On March 4, 2012, the Monday after the weekend-long celebration that opened architect Santiago Calatrava’s bone-blanched Margaret Hunt Hill Bridge, the neighborhood that found itself suddenly connected to the snarl of interstates a half-mile off, went back to looking the way it had for the better part of the previous century. West Dallas’ corrugated steel warehouses and low-slung brick storefronts that date back to the 1920s and 1930s hardly took notice of the few extra cars that began rolling down a recently widened Singleton Boulevard. The vacant lots that had been quickly laid with decomposed granite and crushed concrete for parking were empty after the brief deluge of traffic. And yet, there the bridge loomed, an indelible ribbon of bent steel in the sky, while West Dallas remained—at least on the surface—the same.

It wasn’t. Underneath the neighborhood’s seemingly indifferent urban landscape, a tectonic shift was beginning. For eight years, three investors from North Dallas had been working to forever alter the neighborhood, to build their dreams. The trio—Stuart Fitts, Larry “Butch” McGregor, and the famed restaurateur Phil Romano, the culinary visionary behind brands such as Fuddruckers, Macaroni Grill, and Eatzi’s—began buying land in West Dallas in 2005. Over the better part of a decade, the three partners sunk more than $45 million into the rundown neighborhood, nabbing upwards of 80 acres of property in an area delineated by the Trinity River on the east, Sylvan Avenue on the west, West Commerce Street on the south, and the residential neighborhood of La Bajada on the north. Today, just a year since the opening of the bridge, signs of change have sprouted: restaurants, a brewery, a home decor shop, a huge culinary event space located in a remodeled warehouse.
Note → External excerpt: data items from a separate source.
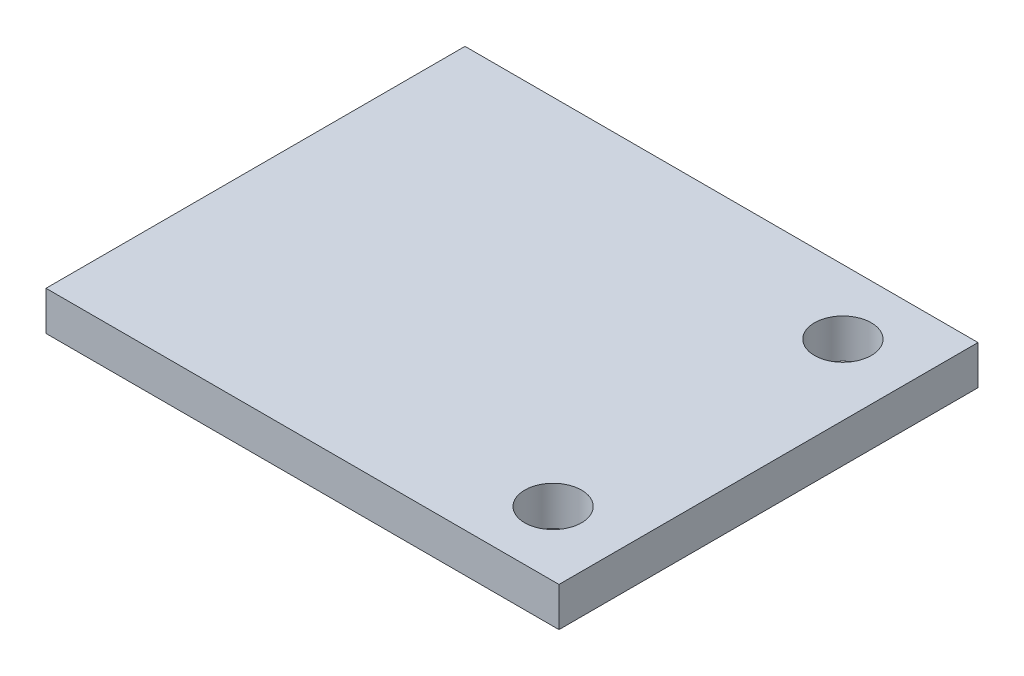
ISO-10303-21;
HEADER;
FILE_DESCRIPTION(('STEP AP214'),'2;1');
FILE_NAME('part.step','',(''),(''),'','','');
FILE_SCHEMA(('AUTOMOTIVE_DESIGN { 1 0 10303 214 1 1 1 1 }'));
ENDSEC;
DATA;
#1=APPLICATION_CONTEXT('core data for automotive mechanical design processes');
#2=APPLICATION_PROTOCOL_DEFINITION('international standard','automotive_design',2000,#1);
#3=PRODUCT_CONTEXT('',#1,'mechanical');
#4=PRODUCT('Part','Part','',(#3));
#5=PRODUCT_RELATED_PRODUCT_CATEGORY('part','',(#4));
#6=PRODUCT_DEFINITION_FORMATION('','',#4);
#7=PRODUCT_DEFINITION_CONTEXT('part definition',#1,'design');
#8=PRODUCT_DEFINITION('design','',#6,#7);
#9=PRODUCT_DEFINITION_SHAPE('','',#8);
#10=(LENGTH_UNIT() NAMED_UNIT(*) SI_UNIT(.MILLI.,.METRE.));
#11=(NAMED_UNIT(*) PLANE_ANGLE_UNIT() SI_UNIT($,.RADIAN.));
#12=(NAMED_UNIT(*) SI_UNIT($,.STERADIAN.) SOLID_ANGLE_UNIT());
#13=UNCERTAINTY_MEASURE_WITH_UNIT(LENGTH_MEASURE(1.E-05),#10,'distance_accuracy_value','');
#14=(GEOMETRIC_REPRESENTATION_CONTEXT(3) GLOBAL_UNCERTAINTY_ASSIGNED_CONTEXT((#13)) GLOBAL_UNIT_ASSIGNED_CONTEXT((#10,
#11,#12)) REPRESENTATION_CONTEXT('',''));
#15=CARTESIAN_POINT('',(0.,0.,0.));
#16=DIRECTION('',(0.,0.,1.));
#17=DIRECTION('',(1.,0.,0.));
#18=AXIS2_PLACEMENT_3D('',#15,#16,#17);
#19=CARTESIAN_POINT('',(26.2,2.,21.4));
#20=DIRECTION('',(0.,-1.,0.));
#21=DIRECTION('',(1.,0.,0.));
#22=AXIS2_PLACEMENT_3D('',#19,#20,#21);
#23=PLANE('',#22);
#24=DIRECTION('',(0.,0.,-1.));
#25=VECTOR('',#24,1.);
#26=CARTESIAN_POINT('',(0.,2.,21.4));
#27=LINE('',#26,#25);
#28=CARTESIAN_POINT('',(0.,2.,0.));
#29=VERTEX_POINT('',#28);
#30=CARTESIAN_POINT('',(0.,2.,21.4));
#31=VERTEX_POINT('',#30);
#32=EDGE_CURVE('E57',#29,#31,#27,.F.);
#33=ORIENTED_EDGE('',*,*,#32,.T.);
#34=DIRECTION('',(1.,0.,0.));
#35=VECTOR('',#34,1.);
#36=CARTESIAN_POINT('',(0.,2.,21.4));
#37=LINE('',#36,#35);
#38=CARTESIAN_POINT('',(26.2,2.,21.4));
#39=VERTEX_POINT('',#38);
#40=EDGE_CURVE('E54',#39,#31,#37,.F.);
#41=ORIENTED_EDGE('',*,*,#40,.F.);
#42=DIRECTION('',(0.,0.,1.));
#43=VECTOR('',#42,1.);
#44=CARTESIAN_POINT('',(26.2,2.,21.4));
#45=LINE('',#44,#43);
#46=CARTESIAN_POINT('',(26.2,2.,0.));
#47=VERTEX_POINT('',#46);
#48=EDGE_CURVE('E177',#39,#47,#45,.F.);
#49=ORIENTED_EDGE('',*,*,#48,.T.);
#50=DIRECTION('',(1.,0.,0.));
#51=VECTOR('',#50,1.);
#52=CARTESIAN_POINT('',(0.,2.,0.));
#53=LINE('',#52,#51);
#54=EDGE_CURVE('E59',#47,#29,#53,.F.);
#55=ORIENTED_EDGE('',*,*,#54,.T.);
#56=EDGE_LOOP('',(#33,#41,#49,#55));
#57=FACE_BOUND('',#56,.T.);
#58=CARTESIAN_POINT('',(22.6,2.,18.1));
#59=DIRECTION('',(0.,1.,0.));
#60=DIRECTION('',(-1.,0.,0.));
#61=AXIS2_PLACEMENT_3D('',#58,#59,#60);
#62=CIRCLE('',#61,1.45);
#63=CARTESIAN_POINT('',(21.15,2.,18.1));
#64=VERTEX_POINT('',#63);
#65=EDGE_CURVE('E65',#64,#64,#62,.F.);
#66=ORIENTED_EDGE('',*,*,#65,.T.);
#67=EDGE_LOOP('',(#66));
#68=FACE_BOUND('',#67,.T.);
#69=CARTESIAN_POINT('',(22.6,2.,3.3));
#70=DIRECTION('',(0.,1.,0.));
#71=DIRECTION('',(-1.,0.,0.));
#72=AXIS2_PLACEMENT_3D('',#69,#70,#71);
#73=CIRCLE('',#72,1.45);
#74=CARTESIAN_POINT('',(21.15,2.,3.3));
#75=VERTEX_POINT('',#74);
#76=EDGE_CURVE('E19',#75,#75,#73,.F.);
#77=ORIENTED_EDGE('',*,*,#76,.T.);
#78=EDGE_LOOP('',(#77));
#79=FACE_BOUND('',#78,.T.);
#80=ADVANCED_FACE('F16',(#57,#68,#79),#23,.F.);
#81=CARTESIAN_POINT('',(22.6,0.,3.3));
#82=DIRECTION('',(0.,1.,0.));
#83=DIRECTION('',(-1.,0.,0.));
#84=AXIS2_PLACEMENT_3D('',#81,#82,#83);
#85=CYLINDRICAL_SURFACE('',#84,1.45);
#86=ORIENTED_EDGE('',*,*,#76,.F.);
#87=EDGE_LOOP('',(#86));
#88=FACE_BOUND('',#87,.T.);
#89=CARTESIAN_POINT('',(22.6,0.,3.3));
#90=DIRECTION('',(0.,1.,0.));
#91=DIRECTION('',(-1.,0.,0.));
#92=AXIS2_PLACEMENT_3D('',#89,#90,#91);
#93=CIRCLE('',#92,1.45);
#94=CARTESIAN_POINT('',(21.15,0.,3.3));
#95=VERTEX_POINT('',#94);
#96=EDGE_CURVE('E83',#95,#95,#93,.F.);
#97=ORIENTED_EDGE('',*,*,#96,.T.);
#98=EDGE_LOOP('',(#97));
#99=FACE_BOUND('',#98,.T.);
#100=ADVANCED_FACE('F92',(#88,#99),#85,.F.);
#101=CARTESIAN_POINT('',(22.6,0.,18.1));
#102=DIRECTION('',(0.,1.,0.));
#103=DIRECTION('',(-1.,0.,0.));
#104=AXIS2_PLACEMENT_3D('',#101,#102,#103);
#105=CYLINDRICAL_SURFACE('',#104,1.45);
#106=ORIENTED_EDGE('',*,*,#65,.F.);
#107=EDGE_LOOP('',(#106));
#108=FACE_BOUND('',#107,.T.);
#109=CARTESIAN_POINT('',(22.6,0.,18.1));
#110=DIRECTION('',(0.,1.,0.));
#111=DIRECTION('',(-1.,0.,0.));
#112=AXIS2_PLACEMENT_3D('',#109,#110,#111);
#113=CIRCLE('',#112,1.45);
#114=CARTESIAN_POINT('',(21.15,0.,18.1));
#115=VERTEX_POINT('',#114);
#116=EDGE_CURVE('E80',#115,#115,#113,.F.);
#117=ORIENTED_EDGE('',*,*,#116,.T.);
#118=EDGE_LOOP('',(#117));
#119=FACE_BOUND('',#118,.T.);
#120=ADVANCED_FACE('F95',(#108,#119),#105,.F.);
#121=CARTESIAN_POINT('',(0.,2.,21.4));
#122=DIRECTION('',(1.,0.,0.));
#123=DIRECTION('',(0.,0.,-1.));
#124=AXIS2_PLACEMENT_3D('',#121,#122,#123);
#125=PLANE('',#124);
#126=DIRECTION('',(0.,0.,1.));
#127=VECTOR('',#126,1.);
#128=CARTESIAN_POINT('',(0.,0.,21.4));
#129=LINE('',#128,#127);
#130=CARTESIAN_POINT('',(0.,0.,0.));
#131=VERTEX_POINT('',#130);
#132=CARTESIAN_POINT('',(0.,0.,21.4));
#133=VERTEX_POINT('',#132);
#134=EDGE_CURVE('E76',#131,#133,#129,.T.);
#135=ORIENTED_EDGE('',*,*,#134,.T.);
#136=DIRECTION('',(0.,1.,0.));
#137=VECTOR('',#136,1.);
#138=CARTESIAN_POINT('',(0.,0.,21.4));
#139=LINE('',#138,#137);
#140=EDGE_CURVE('E64',#31,#133,#139,.F.);
#141=ORIENTED_EDGE('',*,*,#140,.F.);
#142=ORIENTED_EDGE('',*,*,#32,.F.);
#143=DIRECTION('',(0.,1.,0.));
#144=VECTOR('',#143,1.);
#145=CARTESIAN_POINT('',(0.,0.,0.));
#146=LINE('',#145,#144);
#147=EDGE_CURVE('E85',#29,#131,#146,.F.);
#148=ORIENTED_EDGE('',*,*,#147,.T.);
#149=EDGE_LOOP('',(#135,#141,#142,#148));
#150=FACE_BOUND('',#149,.T.);
#151=ADVANCED_FACE('F75',(#150),#125,.F.);
#152=CARTESIAN_POINT('',(0.,0.,21.4));
#153=DIRECTION('',(0.,0.,1.));
#154=DIRECTION('',(1.,0.,0.));
#155=AXIS2_PLACEMENT_3D('',#152,#153,#154);
#156=PLANE('',#155);
#157=DIRECTION('',(0.,1.,0.));
#158=VECTOR('',#157,1.);
#159=CARTESIAN_POINT('',(26.2,0.,21.4));
#160=LINE('',#159,#158);
#161=CARTESIAN_POINT('',(26.2,0.,21.4));
#162=VERTEX_POINT('',#161);
#163=EDGE_CURVE('E72',#162,#39,#160,.T.);
#164=ORIENTED_EDGE('',*,*,#163,.T.);
#165=ORIENTED_EDGE('',*,*,#40,.T.);
#166=ORIENTED_EDGE('',*,*,#140,.T.);
#167=DIRECTION('',(-1.,0.,0.));
#168=VECTOR('',#167,1.);
#169=CARTESIAN_POINT('',(0.,0.,21.4));
#170=LINE('',#169,#168);
#171=EDGE_CURVE('E185',#133,#162,#170,.F.);
#172=ORIENTED_EDGE('',*,*,#171,.T.);
#173=EDGE_LOOP('',(#164,#165,#166,#172));
#174=FACE_BOUND('',#173,.T.);
#175=ADVANCED_FACE('F69',(#174),#156,.T.);
#176=CARTESIAN_POINT('',(26.2,0.,21.4));
#177=DIRECTION('',(-1.,0.,0.));
#178=DIRECTION('',(0.,0.,1.));
#179=AXIS2_PLACEMENT_3D('',#176,#177,#178);
#180=PLANE('',#179);
#181=ORIENTED_EDGE('',*,*,#48,.F.);
#182=ORIENTED_EDGE('',*,*,#163,.F.);
#183=DIRECTION('',(0.,0.,1.));
#184=VECTOR('',#183,1.);
#185=CARTESIAN_POINT('',(26.2,0.,21.4));
#186=LINE('',#185,#184);
#187=CARTESIAN_POINT('',(26.2,0.,0.));
#188=VERTEX_POINT('',#187);
#189=EDGE_CURVE('E25',#162,#188,#186,.F.);
#190=ORIENTED_EDGE('',*,*,#189,.T.);
#191=DIRECTION('',(0.,1.,0.));
#192=VECTOR('',#191,1.);
#193=CARTESIAN_POINT('',(26.2,0.,0.));
#194=LINE('',#193,#192);
#195=EDGE_CURVE('E33',#188,#47,#194,.T.);
#196=ORIENTED_EDGE('',*,*,#195,.T.);
#197=EDGE_LOOP('',(#181,#182,#190,#196));
#198=FACE_BOUND('',#197,.T.);
#199=ADVANCED_FACE('F107',(#198),#180,.F.);
#200=CARTESIAN_POINT('',(0.,0.,0.));
#201=DIRECTION('',(0.,0.,1.));
#202=DIRECTION('',(1.,0.,0.));
#203=AXIS2_PLACEMENT_3D('',#200,#201,#202);
#204=PLANE('',#203);
#205=ORIENTED_EDGE('',*,*,#54,.F.);
#206=ORIENTED_EDGE('',*,*,#195,.F.);
#207=DIRECTION('',(-1.,0.,0.));
#208=VECTOR('',#207,1.);
#209=CARTESIAN_POINT('',(0.,0.,0.));
#210=LINE('',#209,#208);
#211=EDGE_CURVE('E11',#188,#131,#210,.T.);
#212=ORIENTED_EDGE('',*,*,#211,.T.);
#213=ORIENTED_EDGE('',*,*,#147,.F.);
#214=EDGE_LOOP('',(#205,#206,#212,#213));
#215=FACE_BOUND('',#214,.T.);
#216=ADVANCED_FACE('F100',(#215),#204,.F.);
#217=CARTESIAN_POINT('',(0.,0.,21.4));
#218=DIRECTION('',(0.,1.,0.));
#219=DIRECTION('',(-1.,0.,0.));
#220=AXIS2_PLACEMENT_3D('',#217,#218,#219);
#221=PLANE('',#220);
#222=ORIENTED_EDGE('',*,*,#189,.F.);
#223=ORIENTED_EDGE('',*,*,#171,.F.);
#224=ORIENTED_EDGE('',*,*,#134,.F.);
#225=ORIENTED_EDGE('',*,*,#211,.F.);
#226=EDGE_LOOP('',(#222,#223,#224,#225));
#227=FACE_BOUND('',#226,.T.);
#228=ORIENTED_EDGE('',*,*,#116,.F.);
#229=EDGE_LOOP('',(#228));
#230=FACE_BOUND('',#229,.T.);
#231=ORIENTED_EDGE('',*,*,#96,.F.);
#232=EDGE_LOOP('',(#231));
#233=FACE_BOUND('',#232,.T.);
#234=ADVANCED_FACE('F98',(#227,#230,#233),#221,.F.);
#235=CLOSED_SHELL('',(#80,#100,#120,#151,#175,#199,#216,#234));
#236=MANIFOLD_SOLID_BREP('B1',#235);
#237=ADVANCED_BREP_SHAPE_REPRESENTATION('',(#18,#236),#14);
#238=SHAPE_DEFINITION_REPRESENTATION(#9,#237);
ENDSEC;
END-ISO-10303-21;

Dirt is flying on the centerpiece, a former loading dock that by the end of 2013 will boast a mix of new restaurants and shops, a so-called “restaurant incubator.”

Yet this development, called Trinity Groves, is only the start of the big plans Romano and company have in store for West Dallas, taking up less than 20 percent of the land the three partners have assembled as part of the investment group West Dallas Investments.